By passing `--oci-worker-no-process-sandbox` to the `buildkitd` arguments, BuildKit can be executed in a container without `--privileged`.
However, you still need to pass `--security-opt seccomp=unconfined --security-opt apparmor=unconfined` to `docker run`.

```
$ docker run --name buildkitd -d --security-opt seccomp=unconfined --security-opt apparmor=unconfined -p 1234:1234 moby/buildkit:rootless --addr tcp://0.0.0.0:1234 --oci-worker-no-process-sandbox
```

Note that `--oci-worker-no-process-sandbox` allows build executor containers to `kill` (and potentially `ptrace` depending on the seccomp configuration) an arbitrary process in the BuildKit daemon container.


## Set up (using Kubernetes)

### With `securityContext`

```yaml
apiVersion: apps/v1
kind: Deployment
metadata:
  labels:
    app: buildkitd
  name: buildkitd
spec:
  selector:
    matchLabels:
      app: buildkitd
  template:
    metadata:
      labels:
        app: buildkitd
    spec:
      containers:
      - image: moby/buildkit:rootless
        args:
        - --addr
        - tcp://0.0.0.0:1234
        name: buildkitd
        ports:
        - containerPort: 1234
        securityContext:
          privileged: true
```

This configuration requires privileged containers to be enabled.

If you are using Kubernetes v1.12+ with either Docker v18.06+, containerd v1.2+, or CRI-O v1.12+ as the CRI runtime, you can replace `privileged: true` with `procMount: Unmasked`.

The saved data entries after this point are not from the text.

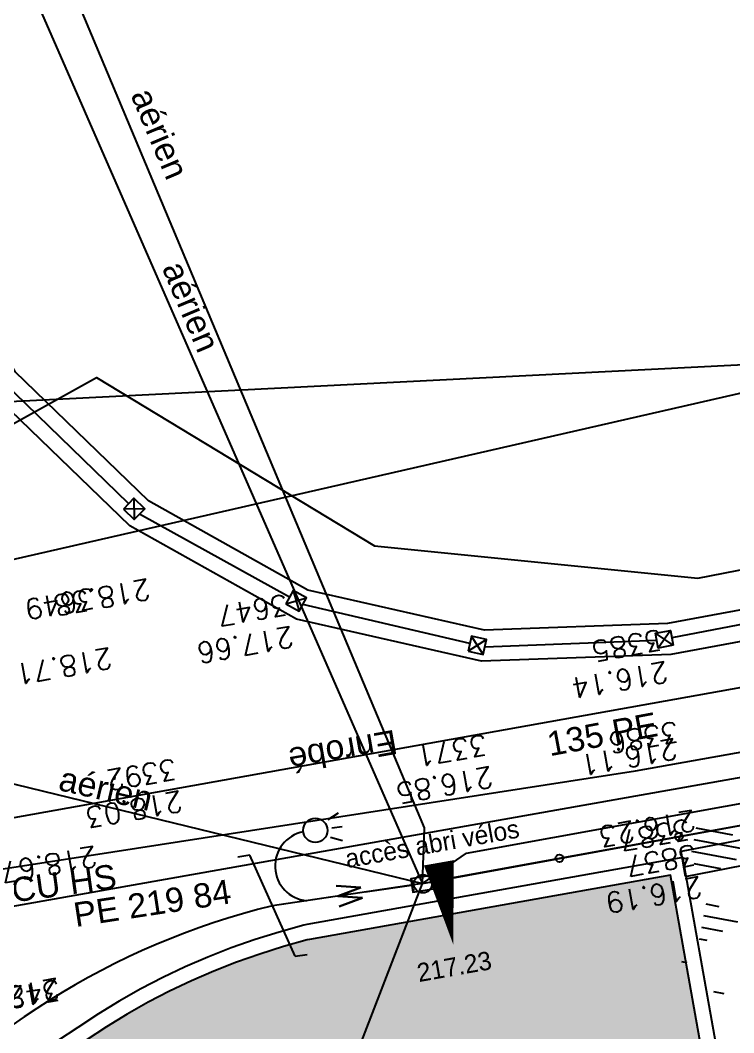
# Model space of a CAD drawing. Extents: x 0 to 613264, y -387505 to 675.
# Drawn here: x 381163 to 392901, y -292108 to -275446 of the extents above; entities that cross this region are included whole.
import ezdxf
from ezdxf.enums import TextEntityAlignment as Align
from ezdxf.lldxf.tags import DXFTag

# ---------------------------------------------------------------- set-up
doc = ezdxf.new("R2010")
doc.units = 0
for name, color, linetype in [('AEP_SSL', 252, 'Continuous'), ('CAB_SSL', 252, 'Continuous'), ('EDF_SSL', 252, 'Texte-Electricite'), ('Fond topo - CLO_LEG', 252, 'Continuous'), ('Fond topo - CLO_MUR', 252, 'Continuous'), ('Fond topo - EDF', 252, 'Continuous'), ('Fond topo - VOI_TXT', 252, 'Continuous'), ('Fond topo - Z_500', 252, 'Continuous'), ('GAZ_SSL', 252, 'Texte-GAZ'), ('prlm-VRD', 2, 'Continuous'), ('SA - bât A-B', 252, 'Continuous'), ('SA - CAB-réso', 252, 'Continuous'), ('SA - couvre sol', 252, 'Continuous'), ('SA - pouzzolane', 252, 'Continuous'), ('TELECOM_SSL', 252, 'Texte-Telecom'), ('UNITAIRE SSL', 252, 'UNITAIRE')]:
    doc.layers.add(name, color=color, linetype=linetype)
for name, color, linetype, plot in [('Fond topo - N', 252, 'Continuous', False), ('Fond topo - NCACHE', 252, 'Continuous', False), ('Fond topo - ZCACHE', 252, 'Continuous', False)]:
    doc.layers.add(name, color=color, linetype=linetype, plot=plot)
doc.layers.add('Fond topo - P', color=252, linetype='Continuous', lineweight=50)
doc.styles.add('2000_ARIAL', font='arial.ttf', dxfattribs={"height": 0.400000006})
doc.styles.add('Arial', font='arial.ttf')
doc.styles.add('Lignes', font='arial.ttf', dxfattribs={"height": 0.35})
doc.styles.add('LignesA', font='arial.ttf', dxfattribs={"height": 0.349999994})
doc.styles.add('SIMPLEX', font='simplex_.ttf', dxfattribs={"height": 1.25})
doc.styles.add('TP-C_Autocad_Standard', font='simplex_.ttf', dxfattribs={"height": 1})
doc.styles.add('Tronçons', font='arial.ttf', dxfattribs={"height": 0.25})
tags = doc.linetypes.add('L16', pattern=[0.37500001490116125, 0.300000011920929, -0.07500000298023224]).pattern_tags.tags
tags[6:7] = [DXFTag(74, 4), DXFTag(75, 0), DXFTag(340, '0'), DXFTag(46, 0.0), DXFTag(50, 0.0), DXFTag(44, 0.0), DXFTag(45, 0.0)]
tags[4:5] = [DXFTag(74, 4), DXFTag(75, 0), DXFTag(340, '0'), DXFTag(46, 0.0), DXFTag(50, 0.0), DXFTag(44, 0.0), DXFTag(45, 0.0)]
tags = doc.linetypes.add('L8', pattern=[0.22500000894069674, 0.1500000059604645, -0.07500000298023224]).pattern_tags.tags
tags[6:7] = [DXFTag(74, 4), DXFTag(75, 0), DXFTag(340, '0'), DXFTag(46, 0.0), DXFTag(50, 0.0), DXFTag(44, 0.0), DXFTag(45, 0.0)]
tags[4:5] = [DXFTag(74, 4), DXFTag(75, 0), DXFTag(340, '0'), DXFTag(46, 0.0), DXFTag(50, 0.0), DXFTag(44, 0.0), DXFTag(45, 0.0)]
tags = doc.linetypes.add('Texte-BT', pattern='A,5,-0.25,["BT",Lignes,S=1,R=0,X=0,Y=-0.18],-1.25', length=6.5).pattern_tags.tags
tags[15:16] = [DXFTag(74, 4), DXFTag(75, 0), DXFTag(340, '0'), DXFTag(46, 0.0), DXFTag(50, 0.0), DXFTag(44, 0.0), DXFTag(45, 0.0)]
tags[4:5] = [DXFTag(74, 4), DXFTag(75, 0), DXFTag(340, '0'), DXFTag(46, 0.0), DXFTag(50, 0.0), DXFTag(44, 0.0), DXFTag(45, 0.0)]
tags = doc.linetypes.add('Texte-Electricite', pattern='A,5,-0.25,["ELEC",Lignes,S=1,R=0,X=0,Y=-0.18],-1.25', length=6.5).pattern_tags.tags
tags[15:16] = [DXFTag(74, 4), DXFTag(75, 0), DXFTag(340, '0'), DXFTag(46, 0.0), DXFTag(50, 0.0), DXFTag(44, 0.0), DXFTag(45, 0.0)]
tags[4:5] = [DXFTag(74, 4), DXFTag(75, 0), DXFTag(340, '0'), DXFTag(46, 0.0), DXFTag(50, 0.0), DXFTag(44, 0.0), DXFTag(45, 0.0)]
tags = doc.linetypes.add('Texte-GAZ', pattern='A,5,-0.25,["GAZ",Lignes,S=1,R=0,X=0,Y=-0.18],-1.25', length=6.5).pattern_tags.tags
tags[15:16] = [DXFTag(74, 4), DXFTag(75, 0), DXFTag(340, '0'), DXFTag(46, 0.0), DXFTag(50, 0.0), DXFTag(44, 0.0), DXFTag(45, 0.0)]
tags[4:5] = [DXFTag(74, 4), DXFTag(75, 0), DXFTag(340, '0'), DXFTag(46, 0.0), DXFTag(50, 0.0), DXFTag(44, 0.0), DXFTag(45, 0.0)]
tags = doc.linetypes.add('Texte-HT', pattern='A,5,-0.25,["HT",Lignes,S=1,R=0,X=0,Y=-0.18],-1.25', length=6.5).pattern_tags.tags
tags[15:16] = [DXFTag(74, 4), DXFTag(75, 0), DXFTag(340, '0'), DXFTag(46, 0.0), DXFTag(50, 0.0), DXFTag(44, 0.0), DXFTag(45, 0.0)]
tags[4:5] = [DXFTag(74, 4), DXFTag(75, 0), DXFTag(340, '0'), DXFTag(46, 0.0), DXFTag(50, 0.0), DXFTag(44, 0.0), DXFTag(45, 0.0)]
tags = doc.linetypes.add('Texte-MT', pattern='A,5,-0.25,["MT",Lignes,S=1,R=0,X=0,Y=-0.18],-1.25', length=6.5).pattern_tags.tags
tags[15:16] = [DXFTag(74, 4), DXFTag(75, 0), DXFTag(340, '0'), DXFTag(46, 0.0), DXFTag(50, 0.0), DXFTag(44, 0.0), DXFTag(45, 0.0)]
tags[4:5] = [DXFTag(74, 4), DXFTag(75, 0), DXFTag(340, '0'), DXFTag(46, 0.0), DXFTag(50, 0.0), DXFTag(44, 0.0), DXFTag(45, 0.0)]
tags = doc.linetypes.add('Texte-Telecom', pattern='A,5,-0.25,["TEL",Lignes,S=1,R=0,X=0,Y=-0.18],-1.25', length=6.5).pattern_tags.tags
tags[15:16] = [DXFTag(74, 4), DXFTag(75, 0), DXFTag(340, '0'), DXFTag(46, 0.0), DXFTag(50, 0.0), DXFTag(44, 0.0), DXFTag(45, 0.0)]
tags[4:5] = [DXFTag(74, 4), DXFTag(75, 0), DXFTag(340, '0'), DXFTag(46, 0.0), DXFTag(50, 0.0), DXFTag(44, 0.0), DXFTag(45, 0.0)]
tags = doc.linetypes.add('Texte-TelecomA', pattern='A,5,-0.25,["TEL",LignesA,S=1,R=0,X=0,Y=-0.18],-1.25', length=6.5).pattern_tags.tags
tags[15:16] = [DXFTag(74, 4), DXFTag(75, 0), DXFTag(340, '0'), DXFTag(46, 0.0), DXFTag(50, 0.0), DXFTag(44, 0.0), DXFTag(45, 0.0)]
tags[4:5] = [DXFTag(74, 4), DXFTag(75, 0), DXFTag(340, '0'), DXFTag(46, 0.0), DXFTag(50, 0.0), DXFTag(44, 0.0), DXFTag(45, 0.0)]
tags = doc.linetypes.add('UNITAIRE', pattern='A,0.25,-0.2000000029802322,0,-0.2000000029802322,0.25,-0.300000011920929,["UNI",TP-C_Autocad_Standard,S=0.1500000059604645,R=0,X=-0.1,Y=-0.05],-0.449999988079071', length=1.650000095367432).pattern_tags.tags
tags[23:24] = [DXFTag(74, 4), DXFTag(75, 0), DXFTag(340, '0'), DXFTag(46, 0.0), DXFTag(50, 0.0), DXFTag(44, 0.0), DXFTag(45, 0.0)]
tags[12:13] = [DXFTag(74, 4), DXFTag(75, 0), DXFTag(340, '0'), DXFTag(46, 0.0), DXFTag(50, 0.0), DXFTag(44, 0.0), DXFTag(45, 0.0)]
tags[10:11] = [DXFTag(74, 4), DXFTag(75, 0), DXFTag(340, '0'), DXFTag(46, 0.0), DXFTag(50, 0.0), DXFTag(44, 0.0), DXFTag(45, 0.0)]
tags[8:9] = [DXFTag(74, 4), DXFTag(75, 0), DXFTag(340, '0'), DXFTag(46, 0.0), DXFTag(50, 0.0), DXFTag(44, 0.0), DXFTag(45, 0.0)]
tags[6:7] = [DXFTag(74, 4), DXFTag(75, 0), DXFTag(340, '0'), DXFTag(46, 0.0), DXFTag(50, 0.0), DXFTag(44, 0.0), DXFTag(45, 0.0)]
tags[4:5] = [DXFTag(74, 4), DXFTag(75, 0), DXFTag(340, '0'), DXFTag(46, 0.0), DXFTag(50, 0.0), DXFTag(44, 0.0), DXFTag(45, 0.0)]

# ---------------------------------------------------------------- blocks, each defined once
blk = doc.blocks.new('CLOLEG')
at = {"ltscale": 2}
blk.add_circle((0, 0), 0.0625, dxfattribs=at)
blk = doc.blocks.new('EDF11')
at = {"ltscale": 2}
for p, q in [((-0.5, 0.5), (-0.426635, 0.255449)), ((0.4266350000000001, 0.255449), (0.5, 0.5))]:
    blk.add_line(p, q, dxfattribs=at)
at = {"ltscale": 2, "flags": 128}
blk.add_lwpolyline([(-0.5, -0.5), (0.5, -0.5), (0.5, 0.5), (-0.5, 0.5)], close=True, dxfattribs=at)
for points in [[(-0.426635, -0.255449), (-0.5, -0.5)], [(0.5, -0.5), (0.4266350000000001, -0.255449)]]:
    blk.add_lwpolyline(points, dxfattribs=at)
blk = doc.blocks.new('EDF02')
at = {"ltscale": 2}
for p, q in [((0.875, 2.75), (0.875, 2.95)), ((-0.875, 2.25), (0.875, 2.75)), ((0, 1.535431), (0, 2.5)), ((-0.875, 2.25), (-0.875, 2.05)), ((0.978086, 1.392164), (0.895804, 1.204402)), ((1.125, 1.349688), (1.125, 1.178214)), ((1.271914, 1.392164), (1.354196, 1.204402)), ((0, 0.15), (0, 0.9586370000000001))]:
    blk.add_line(p, q, dxfattribs=at)
for centre, radius in [((1.125, 1.625), 0.2), ((0, 0), 0.15)]:
    blk.add_circle(centre, radius, dxfattribs=at)
blk.add_arc((0.557686, 1.79611), 0.574625, 2.870977029506814, 166.0535219962534, dxfattribs=at)
at = {"style": 'SIMPLEX'}
blk.add_text('W', height=0.4, dxfattribs=at).set_placement((0, 1.217323), align=Align.MIDDLE_CENTER)
blk = doc.blocks.new('PTOPO')
at = {"layer": 'Fond topo - NCACHE', "style": 'SIMPLEX'}
blk.add_attdef('MAT', text='', height=0.34, dxfattribs=at).set_placement((0.09999999986030161, -0.09999999962747097), align=Align.TOP_LEFT)
at = {"layer": 'Fond topo - ZCACHE', "style": 'SIMPLEX'}
blk.add_attdef('ALT', (0.09999999986030161, 0.09999999962747097), '', height=0.34, dxfattribs=at)
blk = doc.blocks.new('A$C1F970F0F')
at = {"layer": 'SA - couvre sol'}
h = blk.add_hatch(dxfattribs=at)
h.set_pattern_fill('PELOUSE6', color=256, scale=20.0000003, angle=-10.72360141139323, style=0, pattern_type=2)
h.set_pattern_definition([(349.2763985886067, (-277130161.1279894, -473864756.7787022), (22.32856350872324, 117.9043497231417), [37.5000005625, -202.5000030375]), (79.27639858860677, (-277130147.3110734, -473864759.3953308), (-235.8086994462835, 44.65712701744649), [15.000000225, -105.000001575]), (79.27639858860677, (-277130138.0997961, -473864761.1397498), (-235.8086994462835, 44.65712701744649), [15.000000225, -105.000001575]), (79.27639858860677, (-277130142.7054347, -473864760.2675403), (-235.8086994462835, 44.65712701744649), [18.75000028125, -101.25000151875]), (112.9664661186067, (-277130151.916716, -473864758.5231205), (-191.1515722884832, 280.4658259369293), [12.00000018, -420.7461593111922]), (45.58633105860677, (-277130133.4941673, -473864762.0119574), (22.32856353476547, 117.9043498154048), [12.00000018, -420.7461593111923]), (45.58633105860677, (-277130124.2828801, -473864763.7563783), (22.32856353476547, 117.9043498154048), [26.00000039, -406.6661590999923]), (112.9664661186067, (-277130161.1279894, -473864756.7787022), (-191.1515722884832, 280.4658259369293), [26.00000039, -406.6661590999922]), (349.2763985886067, (-277130073.3609553, -473864750.4999832), (22.32856350872324, 117.9043497231417), [44.42455106636825, -195.5754525336318]), (349.2763985886067, (-277130085.1249766, -473864728.4255323), (22.32856350872324, 117.9043497231417), [82.81008944215131, -56.09585564143782, 43.07431864611476, -58.01973967029608]), (349.2763985886067, (-277130096.7337571, -473864706.3804808), (22.32856350872324, 117.9043497231417), [119.4799495921992, -46.28746189431191, 29.47870124218051, -44.75389087130835]), (349.2763985886067, (-277130108.4191755, -473864684.3209158), (22.32856350872324, 117.9043497231417), [100.4611429069171, -139.5388606930829]), (349.2763985886067, (-277130104.5097786, -473864665.2146754), (22.32856350872324, 117.9043497231417), [65.56973938354608, -174.4302642164539])])
h.paths.add_polyline_path([(-8187.889763293932, 4547.641702687437), (-8286.812640686418, 5102.737686282786), (-8108.568252776558, 5137.591420702947), (-8009.852544643516, 4579.395247864797)])
at = {"layer": 'SA - pouzzolane'}
h = blk.add_hatch(dxfattribs=at)
h.set_pattern_fill('GRANULATS3', color=256, scale=99.99999999999999, angle=-10.72360141139323, style=0, pattern_type=2)
h.set_pattern_definition([(349.2763985886067, (1566334396.510018, -579968905.3710737), (116.8607592736427, 79.6464873173181), [4.999999999999999, -4.999999999999999, 9.999999999999998, -79.99999999999999]), (349.2763985886067, (1566334358.138925, -579968893.0155385), (116.8607592736427, 79.6464873173181), [25, -74.99999999999999]), (349.2763985886067, (1566334354.156601, -579968887.1725004), (116.8607592736427, 79.6464873173181), [25, -74.99999999999999]), (349.2763985886067, (1566334403.022516, -579968870.9823055), (116.8607592736427, 79.6464873173181), [4.999999999999999, -94.99999999999999]), (349.2763985886067, (1566334355.756418, -579968851.8533757), (116.8607592736427, 79.6464873173181), [15, -84.99999999999999]), (349.2763985886067, (1566334356.686774, -579968846.9406939), (116.8607592736427, 79.6464873173181), [15, -84.99999999999999]), (349.2763985886067, (1566334416.569305, -579968853.1922948), (116.8607592736427, 79.6464873173181), [30, -69.99999999999999]), (349.2763985886067, (1566334412.58698, -579968847.3492565), (116.8607592736427, 79.6464873173181), [30, -69.99999999999999]), (349.2763985886067, (1566334389.884288, -579968832.8721105), (116.8607592736427, 79.6464873173181), [9.999999999999998, -89.99999999999999]), (349.2763985886067, (1566334395.727326, -579968828.8897862), (116.8607592736427, 79.6464873173181), [4.999999999999999, -94.99999999999999]), (349.2763985886067, (1566334353.373909, -579968810.6912124), (116.8607592736427, 79.6464873173181), [4.999999999999999, -4.999999999999999, 4.999999999999999, -84.99999999999999]), (79.27639858860677, (1566334349.652482, -579968830.3419373), (-79.64648731731808, 116.8607592736427), [15, -84.99999999999999]), (79.27639858860677, (1566334348.052666, -579968865.6610618), (-79.64648731731808, 116.8607592736427), [4.999999999999999, -9.999999999999998, 4.999999999999999, -9.999999999999998, 20, -49.99999999999999]), (79.27639858860677, (1566334369.04231, -579968808.569602), (-79.64648731731808, 116.8607592736427), [4.999999999999999, -94.99999999999999]), (79.27639858860677, (1566334375.407142, -579968855.5748026), (-79.64648731731808, 116.8607592736427), [4.999999999999999, -94.99999999999999]), (79.27639858860677, (1566334384.971607, -579968831.9417535), (-79.64648731731808, 116.8607592736427), [4.999999999999999, -94.99999999999999]), (79.27639858860677, (1566334384.563045, -579968887.8419601), (-79.64648731731808, 116.8607592736427), [9.999999999999998, -89.99999999999999]), (79.27639858860677, (1566334388.545369, -579968893.6849979), (-79.64648731731808, 116.8607592736427), [15, -84.99999999999999]), (79.27639858860677, (1566334404.622332, -579968835.6631806), (-79.64648731731808, 116.8607592736427), [9.999999999999998, -4.999999999999999, 9.999999999999998, -74.99999999999999]), (79.27639858860677, (1566334403.952872, -579968866.0696244), (-79.64648731731808, 116.8607592736427), [20, -79.99999999999999]), (79.27639858860677, (1566334408.865554, -579968866.9999814), (-79.64648731731808, 116.8607592736427), [9.999999999999998, -89.99999999999999]), (79.27639858860677, (1566334412.178418, -579968903.2494636), (-79.64648731731808, 116.8607592736427), [20, -79.99999999999999]), (79.27639858860677, (1566334417.091099, -579968904.1798201), (-79.64648731731808, 116.8607592736427), [15, -84.99999999999999]), (34.27639858860676, (1566334378.720007, -579968891.8242844), (18.60713597325343, 98.25362326955934), [7.071066999999998, -134.35028923]), (34.27639858860676, (1566334398.109834, -579968870.0519489), (18.60713597325343, 98.25362326955934), [7.071066999999998, -134.35028923]), (34.27639858860676, (1566334410.726267, -579968857.1746192), (18.60713597325343, 98.25362326955934), [7.071066999999998, -134.35028923]), (34.27639858860676, (1566334343.809444, -579968834.3242615), (18.60713597325343, 98.25362326955934), [7.071066999999998, -134.35028923]), (34.27639858860676, (1566334357.356233, -579968816.5342503), (18.60713597325343, 98.25362326955934), [7.071066999999998, -134.35028923]), (34.27639858860676, (1566334391.336439, -579968878.9469545), (18.60713597325343, 98.25362326955934), [14.1421, -127.2792562]), (34.27639858860676, (1566334413.25644, -579968816.942813), (18.60713597325343, 98.25362326955934), [14.1421, -127.2792562]), (124.2763985886068, (1566334390.66698, -579968909.3533983), (-98.25362326955934, 18.60713597325343), [14.1421, -127.2792562]), (124.2763985886068, (1566334396.510018, -579968905.3710737), (-98.25362326955934, 18.60713597325343), [14.1421, -127.2792562]), (124.2763985886068, (1566334415.899845, -579968883.5987384), (-98.25362326955934, 18.60713597325343), [14.1421, -127.2792562]), (124.2763985886068, (1566334407.674299, -579968846.4188998), (-98.25362326955934, 18.60713597325343), [14.1421, -127.2792562]), (124.2763985886068, (1566334412.58698, -579968847.3492565), (-98.25362326955934, 18.60713597325343), [14.1421, -127.2792562]), (124.2763985886068, (1566334387.354114, -579968873.1039164), (-98.25362326955934, 18.60713597325343), [21.21319999999999, -120.2081562]), (124.2763985886068, (1566334420.812526, -579968884.529095), (-98.25362326955934, 18.60713597325343), [21.21319999999999, -120.2081562]), (124.2763985886068, (1566334386.423759, -579968878.0165975), (-98.25362326955934, 18.60713597325343), [28.28426999999999, -113.1370862]), (124.2763985886068, (1566334353.373909, -579968810.6912124), (-98.25362326955934, 18.60713597325343), [28.28426999999999, -113.1370862]), (124.2763985886068, (1566334352.443552, -579968815.6038935), (-98.25362326955934, 18.60713597325343), [28.28426999999999, -113.1370862]), (124.2763985886068, (1566334347.122309, -579968870.573743), (-98.25362326955934, 18.60713597325343), [7.071066999999998, -134.35028923]), (124.2763985886068, (1566334351.774093, -579968846.0103371), (-98.25362326955934, 18.60713597325343), [7.071066999999998, -134.35028923]), (15.84144978860676, (1566334401.422699, -579968906.3014305), (98.25362322038048, -18.60713601425497), [11.180339, -212.426458]), (15.84144978860676, (1566334387.354114, -579968873.1039164), (98.25362322038048, -18.60713601425497), [11.180339, -212.426458]), (15.84144978860676, (1566334419.882169, -579968889.4417765), (98.25362322038048, -18.60713601425497), [22.36068, -201.2461177]), (15.84144978860676, (1566334420.812526, -579968884.529095), (98.25362322038048, -18.60713601425497), [22.36068, -201.2461177]), (52.71134740860677, (1566334400.640008, -579968829.8201425), (18.60713586383586, 98.25362338541537), [11.17999999999999, -111.7999999999999, 22.35999999999999, -78.26679773999996]), (52.71134740860677, (1566334344.070342, -579968859.8180242), (18.60713586383586, 98.25362338541537), [11.18033899999999, -212.4264579999999]), (52.71134740860677, (1566334351.365531, -579968901.9105439), (18.60713586383586, 98.25362338541537), [11.18033899999999, -212.4264579999999]), (52.71134740860677, (1566334348.983023, -579968860.7483809), (18.60713586383586, 98.25362338541537), [11.18033899999999, -212.4264579999999]), (52.71134740860677, (1566334406.483046, -579968825.8378183), (18.60713586383586, 98.25362338541537), [11.18033899999999, -212.4264579999999]), (52.71134740860677, (1566334400.640008, -579968829.8201425), (18.60713586383586, 98.25362338541537), [11.18033899999999, -212.4264579999999]), (52.71134740860677, (1566334376.337499, -579968850.6621213), (18.60713586383586, 98.25362338541537), [22.36067999999999, -201.2461176999998]), (52.71134740860677, (1566334371.424818, -579968849.7317643), (18.60713586383586, 98.25362338541537), [22.36067999999999, -201.2461176999998]), (105.8414497886067, (1566334356.686774, -579968846.9406939), (18.60713601425497, 98.25362322038048), [11.180339, -212.426458]), (105.8414497886067, (1566334353.226244, -579968892.0851816), (18.60713601425497, 98.25362322038048), [22.36068, -201.2461177]), (105.8414497886067, (1566334354.156601, -579968887.1725004), (18.60713601425497, 98.25362322038048), [22.36068, -201.2461177]), (142.7113474086068, (1566334385.901964, -579968827.0290724), (-98.25362338541537, 18.60713586383589), [22.36067999999999, -201.2461177]), (142.7113474086068, (1566334395.727326, -579968828.8897862), (-98.25362338541537, 18.60713586383589), [33.54101959999998, -190.0657781])])
h.paths.add_polyline_path([(-8227.01561759797, 3737.921970028881), (-8608.629176422162, 3676.350672093718), (-8710.906338723305, 4250.268894913754), (-8338.769361387542, 4316.586904186884)], flags=16)
edge = h.paths.add_edge_path()
edge.add_line((-8077.550420688362, 2206.704044172183), (-8618.496143292887, 2110.303717207159))
edge.add_line((-8618.496143292887, 2110.303717207159), (-8665.0497846271, 2365.526736932683))
edge.add_line((-8665.049784627097, 2365.526736932683), (-9372.508085088, 2239.919204763752))
edge.add_line((-9372.508085088002, 2239.919204763752), (-9326.911429360862, 1984.058062024129))
edge.add_line((-9326.911429360862, 1984.058062024129), (-10066.37407550757, 1852.27946008155))
edge.add_line((-10066.37407550757, 1852.27946008155), (-9954.496884283193, 2817.428171378946))
edge.add_line((-9954.496884283193, 2817.428171378946), (-9588.872092792588, 2884.043586671438))
edge.add_line((-9588.872092792586, 2884.043586671438), (-9706.071961552761, 3541.699107062782))
edge.add_line((-9706.071961552761, 3541.699107062782), (-9868.676745587163, 3512.704087239571))
edge.add_line((-9868.676745587163, 3512.704087239571), (-9836.516297918568, 3771.491983810542))
edge.add_line((-9836.516297918568, 3771.491983810542), (-9444.63026670932, 3841.335956347627))
edge.add_line((-9444.630266709319, 3841.335956347628), (-9570.456778183388, 4547.816036243914))
edge.add_arc((-8644.745261165266, 3881.822133039172), 1140.390148960382, 123.19444017101321, 144.2672491886968, ccw=False)
edge.add_arc((-8627.918880026316, 3890.71939353054), 1142.314128409439, 104.11344255979509, 124.1450562793064, ccw=False)
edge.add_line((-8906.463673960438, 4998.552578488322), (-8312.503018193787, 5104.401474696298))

### Without `securityContext` but with `--oci-worker-no-process-sandbox`

```yaml
apiVersion: apps/v1
kind: Deployment
metadata:
  labels:
    app: buildkitd
  name: buildkitd
spec:
  selector:
    matchLabels:
      app: buildkitd
  template:
    metadata:
      labels:
        app: buildkitd
    spec:
      containers:
      - image: moby/buildkit:rootless
        args:
        - --addr
        - tcp://0.0.0.0:1234
        - --oci-worker-no-process-sandbox
        name: buildkitd
        ports:
        - containerPort: 1234
```

See [Disabling process sandbox](#disabling-process-sandbox) for security notice.